Do you have your TiVo set to a static IP address? If not, I recommend doing so.


----------



## wmcbrine (Aug 2, 2003)

WiFi sucks for pyTivo, if I can judge by user reports. I actually haven't run into this much myself, but it seems to be routine for TiVos to lose sight of pyTivo if the connection is less than steady. I don't know why TD would be any different, but then, I don't know why momentary dropouts would cause this problem anyway.

You can create entries for each TiVo in pyTivo.conf so you don't have to rely on autodetection. They look like this:

[_tivo_YOURTSNHERE]
name = Your TiVo's Name Here
address = your.ip.here

"address" is optional; you don't need it for a push.


----------



## basscadet (Mar 21, 2003)

wmcbrine said:


> You can create entries for each TiVo in pyTivo.conf so you don't have to rely on autodetection. They look like this:
> 
> [_tivo_YOURTSNHERE]
> name = Your TiVo's Name Here
> address = your.ip.here


I had high hopes for this but it unfortunately didn't work - pyTivo still ignores my Tivo. At this point, it seems to have lost it completely - it used to work about 25% of the time, and now it seems to be 0% of the time. Adding that entry to the conf file didn't seem to help.

Oh well, I'm kind of resigned to thinking I will just have to keep using Tivo Desktop to pull stuff from the Tivo to my PC, and will use pyTivo to transcode videos from my PC to the Tivo (since the Tivo can still pull from the pyTivo share). I just can't use pyTivo to go both ways, so I have to use two different apps to have everything.

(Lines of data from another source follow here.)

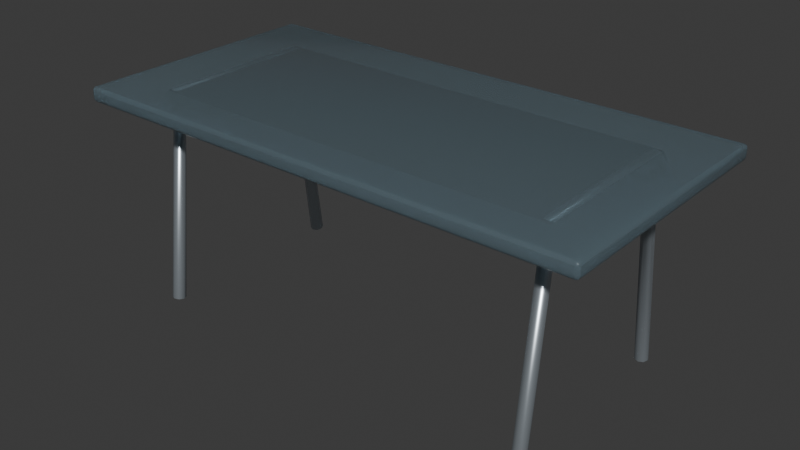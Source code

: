 # Source: glass-dining-table.blend  (saved by Blender 5.2.44; exported with 4.5.12 LTS)
import bpy
from mathutils import Matrix  # noqa: F401  (used for matrix-valued properties, if any)

bpy.ops.wm.read_factory_settings(use_empty=True)
scene = bpy.context.scene
scene.name = 'Scene'

# ---- collections
col_collection = bpy.data.collections.new('Collection'); scene.collection.children.link(col_collection)

# ---- materials (node trees are filled in below, after node groups)
mat_modern_smoked_glass = bpy.data.materials.new('modern-smoked-glass')
mat_modern_smoked_glass.diffuse_color = (0.29, 0.4, 0.46, 1.0)
mat_modern_brushed_aluminum = bpy.data.materials.new('modern-brushed-aluminum')
mat_modern_brushed_aluminum.diffuse_color = (0.54, 0.6, 0.65, 1.0)
mat_variant_surface = bpy.data.materials.new('variant-surface')
mat_variant_surface.diffuse_color = (0.035, 0.046, 0.055, 1.0)

# ---- material node trees
mat_modern_smoked_glass.use_nodes = True; mat_modern_smoked_glass.node_tree.nodes.clear()
_N = mat_modern_smoked_glass.node_tree.nodes; _L = mat_modern_smoked_glass.node_tree.links
n0 = _N.new('ShaderNodeBsdfPrincipled'); n0.name = 'Principled BSDF'; n0.location = (-200, 100)
n0.inputs[0].default_value = (0.29, 0.4, 0.46, 1.0)
n0.inputs[1].default_value = 0.05
n0.inputs[2].default_value = 0.16
n0.inputs[3].default_value = 1.46
n0.inputs[10].default_value = 0.005
n0.inputs[18].default_value = 0.72
n1 = _N.new('ShaderNodeOutputMaterial'); n1.name = 'Material Output'; n1.location = (200, 100)
_L.new(n0.outputs[0], n1.inputs[0])
n1.is_active_output = True
mat_modern_brushed_aluminum.use_nodes = True; mat_modern_brushed_aluminum.node_tree.nodes.clear()
_N = mat_modern_brushed_aluminum.node_tree.nodes; _L = mat_modern_brushed_aluminum.node_tree.links
n0 = _N.new('ShaderNodeBsdfPrincipled'); n0.name = 'Principled BSDF'; n0.location = (-200, 100)
n0.inputs[0].default_value = (0.54, 0.6, 0.65, 1.0)
n0.inputs[1].default_value = 0.78
n0.inputs[2].default_value = 0.32
n0.inputs[10].default_value = 0.005
n1 = _N.new('ShaderNodeOutputMaterial'); n1.name = 'Material Output'; n1.location = (200, 100)
_L.new(n0.outputs[0], n1.inputs[0])
n1.is_active_output = True
mat_variant_surface.use_nodes = True; mat_variant_surface.node_tree.nodes.clear()
_N = mat_variant_surface.node_tree.nodes; _L = mat_variant_surface.node_tree.links
n0 = _N.new('ShaderNodeBsdfPrincipled'); n0.name = 'Principled BSDF'; n0.location = (-200, 100)
n0.inputs[0].default_value = (0.035, 0.046, 0.055, 1.0)
n0.inputs[2].default_value = 0.47
n0.inputs[10].default_value = 0.005
n1 = _N.new('ShaderNodeOutputMaterial'); n1.name = 'Material Output'; n1.location = (200, 100)
_L.new(n0.outputs[0], n1.inputs[0])
n1.is_active_output = True

# ---- world
world_world = bpy.data.worlds.new('World'); scene.world = world_world
world_world.use_nodes = True; world_world.node_tree.nodes.clear()
_N = world_world.node_tree.nodes; _L = world_world.node_tree.links
n0 = _N.new('ShaderNodeOutputWorld'); n0.name = 'World Output'; n0.location = (200, 100)
n1 = _N.new('ShaderNodeBackground'); n1.name = 'Background'; n1.location = (-200, 100)
n1.inputs[0].default_value = (0.05088, 0.05088, 0.05088, 1.0)
_L.new(n1.outputs[0], n0.inputs[0])
n0.is_active_output = True
world_world.color = (0.05088, 0.05088, 0.05088)
world_world.sun_shadow_jitter_overblur = 0.0

# ---- meshes
me_cube_1717 = bpy.data.meshes.new('Cube.1717')
me_cube_1717.from_pydata([(-0.887, -0.437, 0.6983), (-0.887, -0.45, 0.7117), (-0.9, -0.437, 0.7117), (-0.887, -0.4435, 0.7001), (-0.8935, -0.437, 0.7001), (-0.8932, -0.4432, 0.7018), (-0.8935, -0.4483, 0.7117), (-0.887, -0.4483, 0.705), (-0.8932, -0.4466, 0.7053), (-0.8983, -0.437, 0.705), (-0.8983, -0.4435, 0.7117), (-0.8966, -0.4432, 0.7053), (-0.887, -0.45, 0.7365), (-0.887, -0.437, 0.75), (-0.9, -0.437, 0.7365), (-0.887, -0.4483, 0.7433), (-0.8935, -0.4483, 0.7365), (-0.8932, -0.4466, 0.743), (-0.8935, -0.437, 0.7482), (-0.887, -0.4435, 0.7482), (-0.8932, -0.4432, 0.7465), (-0.8983, -0.4435, 0.7365), (-0.8983, -0.437, 0.7433), (-0.8966, -0.4432, 0.743), (-0.887, 0.437, 0.6983), (-0.9, 0.437, 0.7117), (-0.887, 0.45, 0.7117), (-0.8935, 0.437, 0.7001), (-0.887, 0.4435, 0.7001), (-0.8932, 0.4432, 0.7018), (-0.8983, 0.4435, 0.7117), (-0.8983, 0.437, 0.705), (-0.8966, 0.4432, 0.7053), (-0.887, 0.4483, 0.705), (-0.8935, 0.4483, 0.7117), (-0.8932, 0.4466, 0.7053), (-0.887, 0.437, 0.75), (-0.887, 0.45, 0.7365), (-0.9, 0.437, 0.7365), (-0.887, 0.4435, 0.7482), (-0.8935, 0.437, 0.7482), (-0.8932, 0.4432, 0.7465), (-0.8935, 0.4483, 0.7365), (-0.887, 0.4483, 0.7433), (-0.8932, 0.4466, 0.743), (-0.8983, 0.437, 0.7433), (-0.8983, 0.4435, 0.7365), (-0.8966, 0.4432, 0.743), (0.887, -0.437, 0.6983), (0.9, -0.437, 0.7117), (0.887, -0.45, 0.7117), (0.8935, -0.437, 0.7001), (0.887, -0.4435, 0.7001), (0.8932, -0.4432, 0.7018), (0.8983, -0.4435, 0.7117), (0.8983, -0.437, 0.705), (0.8966, -0.4432, 0.7053), (0.887, -0.4483, 0.705), (0.8935, -0.4483, 0.7117), (0.8932, -0.4466, 0.7053), (0.887, -0.437, 0.75), (0.887, -0.45, 0.7365), (0.9, -0.437, 0.7365), (0.887, -0.4435, 0.7482), (0.8935, -0.437, 0.7482), (0.8932, -0.4432, 0.7465), (0.8935, -0.4483, 0.7365), (0.887, -0.4483, 0.7433), (0.8932, -0.4466, 0.743), (0.8983, -0.437, 0.7433), (0.8983, -0.4435, 0.7365), (0.8966, -0.4432, 0.743), (0.887, 0.437, 0.6983), (0.887, 0.45, 0.7117), (0.9, 0.437, 0.7117), (0.887, 0.4435, 0.7001), (0.8935, 0.437, 0.7001), (0.8932, 0.4432, 0.7018), (0.8935, 0.4483, 0.7117), (0.887, 0.4483, 0.705), (0.8932, 0.4466, 0.7053), (0.8983, 0.437, 0.705), (0.8983, 0.4435, 0.7117), (0.8966, 0.4432, 0.7053), (0.887, 0.437, 0.75), (0.9, 0.437, 0.7365), (0.887, 0.45, 0.7365), (0.8935, 0.437, 0.7482), (0.887, 0.4435, 0.7482), (0.8932, 0.4432, 0.7465), (0.8983, 0.4435, 0.7365), (0.8983, 0.437, 0.7433), (0.8966, 0.4432, 0.743), (0.887, 0.4483, 0.7433), (0.8935, 0.4483, 0.7365), (0.8932, 0.4466, 0.743)], [], [(0, 3, 5, 4), (3, 7, 8, 5), (1, 6, 8, 7), (6, 10, 11, 8), (2, 9, 11, 10), (9, 4, 5, 11), (5, 8, 11), (12, 15, 17, 16), (15, 19, 20, 17), (13, 18, 20, 19), (18, 22, 23, 20), (14, 21, 23, 22), (21, 16, 17, 23), (17, 20, 23), (24, 27, 29, 28), (27, 31, 32, 29), (25, 30, 32, 31), (30, 34, 35, 32), (26, 33, 35, 34), (33, 28, 29, 35), (29, 32, 35), (36, 39, 41, 40), (39, 43, 44, 41), (37, 42, 44, 43), (42, 46, 47, 44), (38, 45, 47, 46), (45, 40, 41, 47), (41, 44, 47), (48, 51, 53, 52), (51, 55, 56, 53), (49, 54, 56, 55), (54, 58, 59, 56), (50, 57, 59, 58), (57, 52, 53, 59), (53, 56, 59), (60, 63, 65, 64), (63, 67, 68, 65), (61, 66, 68, 67), (66, 70, 71, 68), (62, 69, 71, 70), (69, 64, 65, 71), (65, 68, 71), (72, 75, 77, 76), (75, 79, 80, 77), (73, 78, 80, 79), (78, 82, 83, 80), (74, 81, 83, 82), (81, 76, 77, 83), (77, 80, 83), (84, 87, 89, 88), (87, 91, 92, 89), (85, 90, 92, 91), (90, 94, 95, 92), (86, 93, 95, 94), (93, 88, 89, 95), (89, 92, 95), (24, 0, 4, 27), (27, 4, 9, 31), (31, 9, 2, 25), (1, 12, 16, 6), (6, 16, 21, 10), (10, 21, 14, 2), (13, 36, 40, 18), (18, 40, 45, 22), (22, 45, 38, 14), (37, 26, 34, 42), (42, 34, 30, 46), (46, 30, 25, 38), (72, 24, 28, 75), (75, 28, 33, 79), (79, 33, 26, 73), (36, 84, 88, 39), (39, 88, 93, 43), (43, 93, 86, 37), (85, 74, 82, 90), (90, 82, 78, 94), (94, 78, 73, 86), (48, 72, 76, 51), (51, 76, 81, 55), (55, 81, 74, 49), (84, 60, 64, 87), (87, 64, 69, 91), (91, 69, 62, 85), (61, 50, 58, 66), (66, 58, 54, 70), (70, 54, 49, 62), (0, 48, 52, 3), (3, 52, 57, 7), (7, 57, 50, 1), (60, 13, 19, 63), (63, 19, 15, 67), (67, 15, 12, 61), (24, 72, 48, 0), (2, 14, 38, 25), (50, 61, 12, 1), (84, 36, 13, 60), (26, 37, 86, 73), (74, 85, 62, 49)])
me_cube_1717.polygons.foreach_set('use_smooth', [True] * 98)
_uv = me_cube_1717.uv_layers.new(name='UVMap')
_uv.uv.foreach_set('vector', [0.02137, 0.02137, 0.015, 0.02137, 0.01527, 0.01527, 0.02137, 0.015, 0.015, 0.02137, 0.01032, 0.02137, 0.01197, 0.01527, 0.01527, 0.01527, 1.822, 1.693, 1.822, 1.698, 1.816, 1.698, 1.816, 1.692, 1.955, 0.01032, 1.955, 0.01613, 1.949, 0.01592, 1.949, 0.01183, 1.955, 0.02273, 1.949, 0.02224, 1.949, 0.01592, 1.955, 0.01613, 1.949, 0.02224, 1.944, 0.02092, 1.946, 0.01499, 1.949, 0.01592, 1.946, 0.01499, 1.949, 0.01183, 1.949, 0.01592, 1.846, 1.693, 1.852, 1.692, 1.852, 1.698, 1.846, 1.698, 0.9109, 1.763, 0.9156, 1.763, 0.9158, 1.769, 0.9125, 1.769, 0.9219, 1.763, 0.9219, 1.769, 0.9158, 1.769, 0.9156, 1.763, 1.99, 0.02092, 1.985, 0.02224, 1.985, 0.01592, 1.988, 0.01499, 1.979, 0.02273, 1.979, 0.01613, 1.985, 0.01592, 1.985, 0.02224, 1.979, 0.01613, 1.979, 0.01032, 1.985, 0.01183, 1.985, 0.01592, 1.985, 0.01183, 1.988, 0.01499, 1.985, 0.01592, 0.8792, 0.02137, 0.8792, 0.015, 0.8853, 0.01527, 0.8856, 0.02137, 0.8792, 0.015, 0.8792, 0.01032, 0.8853, 0.01197, 0.8853, 0.01527, 1.955, 0.8455, 1.955, 0.8511, 1.949, 0.8504, 1.949, 0.845, 1.889, 0.01032, 1.889, 0.01613, 1.883, 0.01592, 1.883, 0.01183, 1.889, 0.02273, 1.882, 0.02224, 1.883, 0.01592, 1.889, 0.01613, 1.882, 0.02224, 1.878, 0.02092, 1.879, 0.01499, 1.883, 0.01592, 1.879, 0.01499, 1.883, 0.01183, 1.883, 0.01592, 1.78, 1.763, 1.786, 1.763, 1.786, 1.769, 1.78, 1.769, 1.923, 0.02092, 1.919, 0.02224, 1.918, 0.01592, 1.922, 0.01499, 1.912, 0.02273, 1.912, 0.01613, 1.918, 0.01592, 1.919, 0.02224, 1.912, 0.01613, 1.912, 0.01032, 1.918, 0.01183, 1.918, 0.01592, 1.979, 0.8455, 1.985, 0.845, 1.985, 0.8504, 1.979, 0.8511, 1.78, 1.774, 1.78, 1.769, 1.786, 1.769, 1.786, 1.772, 1.922, 0.01499, 1.918, 0.01592, 1.918, 0.01183, 0.02137, 1.763, 0.02137, 1.769, 0.01527, 1.769, 0.015, 1.763, 0.02137, 1.769, 0.02137, 1.774, 0.01527, 1.772, 0.01527, 1.769, 1.955, 1.707, 1.955, 1.713, 1.949, 1.712, 1.949, 1.706, 1.822, 0.01032, 1.822, 0.01613, 1.816, 0.01592, 1.816, 0.01183, 1.822, 0.02273, 1.816, 0.02224, 1.816, 0.01592, 1.822, 0.01613, 1.816, 0.02224, 1.811, 0.02092, 1.813, 0.01499, 1.816, 0.01592, 1.813, 0.01499, 1.816, 0.01183, 1.816, 0.01592, 0.9219, 0.02137, 0.9156, 0.02137, 0.9158, 0.01527, 0.9219, 0.015, 1.857, 0.02092, 1.852, 0.02224, 1.852, 0.01592, 1.855, 0.01499, 1.846, 0.02273, 1.846, 0.01613, 1.852, 0.01592, 1.852, 0.02224, 1.846, 0.01613, 1.846, 0.01032, 1.852, 0.01183, 1.852, 0.01592, 1.979, 1.707, 1.985, 1.706, 1.985, 1.712, 1.979, 1.713, 0.9219, 0.01032, 0.9219, 0.015, 0.9158, 0.01527, 0.9158, 0.01197, 1.855, 0.01499, 1.852, 0.01592, 1.852, 0.01183, 0.8792, 1.763, 0.8856, 1.763, 0.8853, 1.769, 0.8792, 1.769, 0.8856, 1.763, 0.8902, 1.763, 0.8886, 1.769, 0.8853, 1.769, 1.889, 1.693, 1.889, 1.698, 1.883, 1.698, 1.882, 1.692, 1.955, 0.8717, 1.955, 0.8776, 1.949, 0.8774, 1.949, 0.8733, 1.955, 0.8842, 1.949, 0.8837, 1.949, 0.8774, 1.955, 0.8776, 1.949, 0.8837, 1.944, 0.8823, 1.946, 0.8764, 1.949, 0.8774, 1.946, 0.8764, 1.949, 0.8733, 1.949, 0.8774, 1.78, 0.02137, 1.78, 0.015, 1.786, 0.01527, 1.786, 0.02137, 1.99, 0.8823, 1.985, 0.8837, 1.985, 0.8774, 1.988, 0.8764, 1.979, 0.8842, 1.979, 0.8776, 1.985, 0.8774, 1.985, 0.8837, 1.979, 0.8776, 1.979, 0.8717, 1.985, 0.8733, 1.985, 0.8774, 1.912, 1.693, 1.919, 1.692, 1.918, 1.698, 1.912, 1.698, 1.791, 0.02137, 1.786, 0.02137, 1.786, 0.01527, 1.789, 0.01527, 1.988, 0.8764, 1.985, 0.8774, 1.985, 0.8733, 0.8792, 0.02137, 0.02137, 0.02137, 0.02137, 0.015, 0.8792, 0.015, 0.8792, 0.015, 0.02137, 0.015, 0.02137, 0.01032, 0.8792, 0.01032, 1.949, 0.845, 1.949, 0.02224, 1.955, 0.02273, 1.955, 0.8455, 1.822, 1.693, 1.846, 1.693, 1.846, 1.698, 1.822, 1.698, 1.955, 0.01032, 1.979, 0.01032, 1.979, 0.01613, 1.955, 0.01613, 1.955, 0.01613, 1.979, 0.01613, 1.979, 0.02273, 1.955, 0.02273, 0.9219, 1.763, 1.78, 1.763, 1.78, 1.769, 0.9219, 1.769, 0.9219, 1.769, 1.78, 1.769, 1.78, 1.774, 0.9219, 1.774, 1.985, 0.02224, 1.985, 0.845, 1.979, 0.8455, 1.979, 0.02273, 1.912, 0.02273, 1.889, 0.02273, 1.889, 0.01613, 1.912, 0.01613, 1.912, 0.01613, 1.889, 0.01613, 1.889, 0.01032, 1.912, 0.01032, 1.979, 0.8511, 1.955, 0.8511, 1.955, 0.8455, 1.979, 0.8455, 0.8792, 1.763, 0.8792, 0.02137, 0.8856, 0.02137, 0.8856, 1.763, 0.8856, 1.763, 0.8856, 0.02137, 0.8902, 0.02137, 0.8902, 1.763, 1.882, 1.692, 1.882, 0.02224, 1.889, 0.02273, 1.889, 1.693, 1.78, 1.763, 1.78, 0.02137, 1.786, 0.02137, 1.786, 1.763, 1.786, 1.763, 1.786, 0.02137, 1.791, 0.02137, 1.791, 1.763, 1.919, 0.02224, 1.919, 1.692, 1.912, 1.693, 1.912, 0.02273, 1.979, 0.8842, 1.955, 0.8842, 1.955, 0.8776, 1.979, 0.8776, 1.979, 0.8776, 1.955, 0.8776, 1.955, 0.8717, 1.979, 0.8717, 1.912, 1.698, 1.889, 1.698, 1.889, 1.693, 1.912, 1.693, 0.02137, 1.763, 0.8792, 1.763, 0.8792, 1.769, 0.02137, 1.769, 0.02137, 1.769, 0.8792, 1.769, 0.8792, 1.774, 0.02137, 1.774, 1.949, 1.706, 1.949, 0.8837, 1.955, 0.8842, 1.955, 1.707, 1.78, 0.02137, 0.9219, 0.02137, 0.9219, 0.015, 1.78, 0.015, 1.78, 0.015, 0.9219, 0.015, 0.9219, 0.01032, 1.78, 0.01032, 1.985, 0.8837, 1.985, 1.706, 1.979, 1.707, 1.979, 0.8842, 1.846, 0.02273, 1.822, 0.02273, 1.822, 0.01613, 1.846, 0.01613, 1.846, 0.01613, 1.822, 0.01613, 1.822, 0.01032, 1.846, 0.01032, 1.979, 1.713, 1.955, 1.713, 1.955, 1.707, 1.979, 1.707, 0.02137, 0.02137, 0.02137, 1.763, 0.015, 1.763, 0.015, 0.02137, 0.015, 0.02137, 0.015, 1.763, 0.01032, 1.763, 0.01032, 0.02137, 1.816, 1.692, 1.816, 0.02224, 1.822, 0.02273, 1.822, 1.693, 0.9219, 0.02137, 0.9219, 1.763, 0.9156, 1.763, 0.9156, 0.02137, 0.9156, 0.02137, 0.9156, 1.763, 0.9109, 1.763, 0.9109, 0.02137, 1.852, 0.02224, 1.852, 1.692, 1.846, 1.693, 1.846, 0.02273, 0.8792, 0.02137, 0.8792, 1.763, 0.02137, 1.763, 0.02137, 0.02137, 1.955, 0.02273, 1.979, 0.02273, 1.979, 0.8455, 1.955, 0.8455, 1.822, 0.02273, 1.846, 0.02273, 1.846, 1.693, 1.822, 1.693, 1.78, 0.02137, 1.78, 1.763, 0.9219, 1.763, 0.9219, 0.02137, 1.889, 0.02273, 1.912, 0.02273, 1.912, 1.693, 1.889, 1.693, 1.955, 0.8842, 1.979, 0.8842, 1.979, 1.707, 1.955, 1.707])
me_cube_1717.materials.append(mat_modern_smoked_glass)
me_cube_1717.update()
me_folded_steel_trestle_014 = bpy.data.meshes.new('folded_steel_trestle.014')
me_folded_steel_trestle_014.from_pydata([(-0.7183, -0.3581, 0.004934), (-0.702, -0.3648, 0.005781), (-0.6857, -0.3581, 0.004934), (-0.679, -0.342, 0.002891), (-0.6857, -0.3259, 0.0008466), (-0.702, -0.3192, 5.782e-09), (-0.7183, -0.3259, 0.0008466), (-0.725, -0.342, 0.002891), (-0.7183, -0.2718, 0.7005), (-0.702, -0.2762, 0.7057), (-0.6857, -0.2718, 0.7005), (-0.679, -0.261, 0.6879), (-0.6857, -0.2502, 0.6753), (-0.702, -0.2458, 0.6701), (-0.7183, -0.2502, 0.6753), (-0.725, -0.261, 0.6879), (-0.7183, 0.2718, 0.7005), (-0.702, 0.2762, 0.7057), (-0.6857, 0.2718, 0.7005), (-0.679, 0.261, 0.6879), (-0.6857, 0.2502, 0.6753), (-0.702, 0.2458, 0.6701), (-0.7183, 0.2502, 0.6753), (-0.725, 0.261, 0.6879), (-0.7183, 0.3581, 0.004934), (-0.702, 0.3648, 0.005781), (-0.6857, 0.3581, 0.004934), (-0.679, 0.342, 0.002891), (-0.6857, 0.3259, 0.0008466), (-0.702, 0.3192, 0.0), (-0.7183, 0.3259, 0.0008466), (-0.725, 0.342, 0.002891)], [], [(0, 8, 15, 7), (1, 9, 8, 0), (2, 10, 9, 1), (3, 11, 10, 2), (4, 12, 11, 3), (5, 13, 12, 4), (6, 14, 13, 5), (7, 15, 14, 6), (8, 16, 23, 15), (9, 17, 16, 8), (10, 18, 17, 9), (11, 19, 18, 10), (12, 20, 19, 11), (13, 21, 20, 12), (14, 22, 21, 13), (15, 23, 22, 14), (16, 24, 31, 23), (17, 25, 24, 16), (18, 26, 25, 17), (19, 27, 26, 18), (20, 28, 27, 19), (21, 29, 28, 20), (22, 30, 29, 21), (23, 31, 30, 22)])
me_folded_steel_trestle_014.polygons.foreach_set('use_smooth', [True] * 24)
_uv = me_folded_steel_trestle_014.uv_layers.new(name='UVMap')
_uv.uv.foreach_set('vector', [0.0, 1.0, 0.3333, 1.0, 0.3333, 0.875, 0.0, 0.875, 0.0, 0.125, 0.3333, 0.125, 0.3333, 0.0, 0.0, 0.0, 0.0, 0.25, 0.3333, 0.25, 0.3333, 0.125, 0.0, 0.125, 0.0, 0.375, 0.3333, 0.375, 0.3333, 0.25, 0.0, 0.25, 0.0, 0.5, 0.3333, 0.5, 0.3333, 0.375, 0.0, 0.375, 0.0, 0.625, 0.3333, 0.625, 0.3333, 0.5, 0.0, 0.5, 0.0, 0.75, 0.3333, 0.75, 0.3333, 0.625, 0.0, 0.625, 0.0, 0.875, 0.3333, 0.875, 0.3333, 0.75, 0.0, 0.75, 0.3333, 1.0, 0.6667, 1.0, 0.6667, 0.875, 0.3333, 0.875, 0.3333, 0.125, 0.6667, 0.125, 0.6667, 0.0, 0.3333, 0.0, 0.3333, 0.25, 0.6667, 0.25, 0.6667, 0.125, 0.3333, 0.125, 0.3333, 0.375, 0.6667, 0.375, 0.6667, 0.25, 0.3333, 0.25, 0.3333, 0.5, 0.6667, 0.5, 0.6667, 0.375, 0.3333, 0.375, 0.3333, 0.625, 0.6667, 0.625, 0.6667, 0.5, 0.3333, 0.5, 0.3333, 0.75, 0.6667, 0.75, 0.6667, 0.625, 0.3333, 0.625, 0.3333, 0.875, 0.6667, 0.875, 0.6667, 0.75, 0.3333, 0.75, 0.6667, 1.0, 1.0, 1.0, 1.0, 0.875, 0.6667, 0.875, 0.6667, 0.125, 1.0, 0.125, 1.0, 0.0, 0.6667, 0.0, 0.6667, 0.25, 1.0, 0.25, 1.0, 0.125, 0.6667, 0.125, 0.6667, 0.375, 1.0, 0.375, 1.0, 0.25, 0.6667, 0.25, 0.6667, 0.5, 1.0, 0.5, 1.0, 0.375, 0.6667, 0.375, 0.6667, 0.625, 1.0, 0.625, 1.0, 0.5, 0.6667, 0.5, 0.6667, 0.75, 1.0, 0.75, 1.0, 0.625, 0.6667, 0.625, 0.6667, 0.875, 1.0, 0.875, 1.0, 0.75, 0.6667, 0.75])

Thanks for trying to help...


----------



## windracer (Jan 3, 2003)

Did you get your TSN right in the section name (replacing YOURTSNHERE in wmcbrine's example)?


----------



## basscadet (Mar 21, 2003)

windracer said:


> Did you get your TSN right in the section name (replacing YOURTSNHERE in wmcbrine's example)?


Yes, I put the 15 digit number off the box.


----------



## minidanas (Jul 23, 2008)

I seem to have the exact same problem. I have both Tivo Desktop and Pytivo, and have used both successfully for a long time. My Tivo can see the Pytivo shares (and pull videos) fine, but neither Pytivo and Tivo desktop can see the Tivo NPL. I haven't used Pytivo or Tivo desktop in a long time. In the past, I would get the "there was an error while attempting to retrieve data from the selected dvr" error, but corrected the problem by restarting the Tivo desktop, or Tivo itself, or the computer. Not this time.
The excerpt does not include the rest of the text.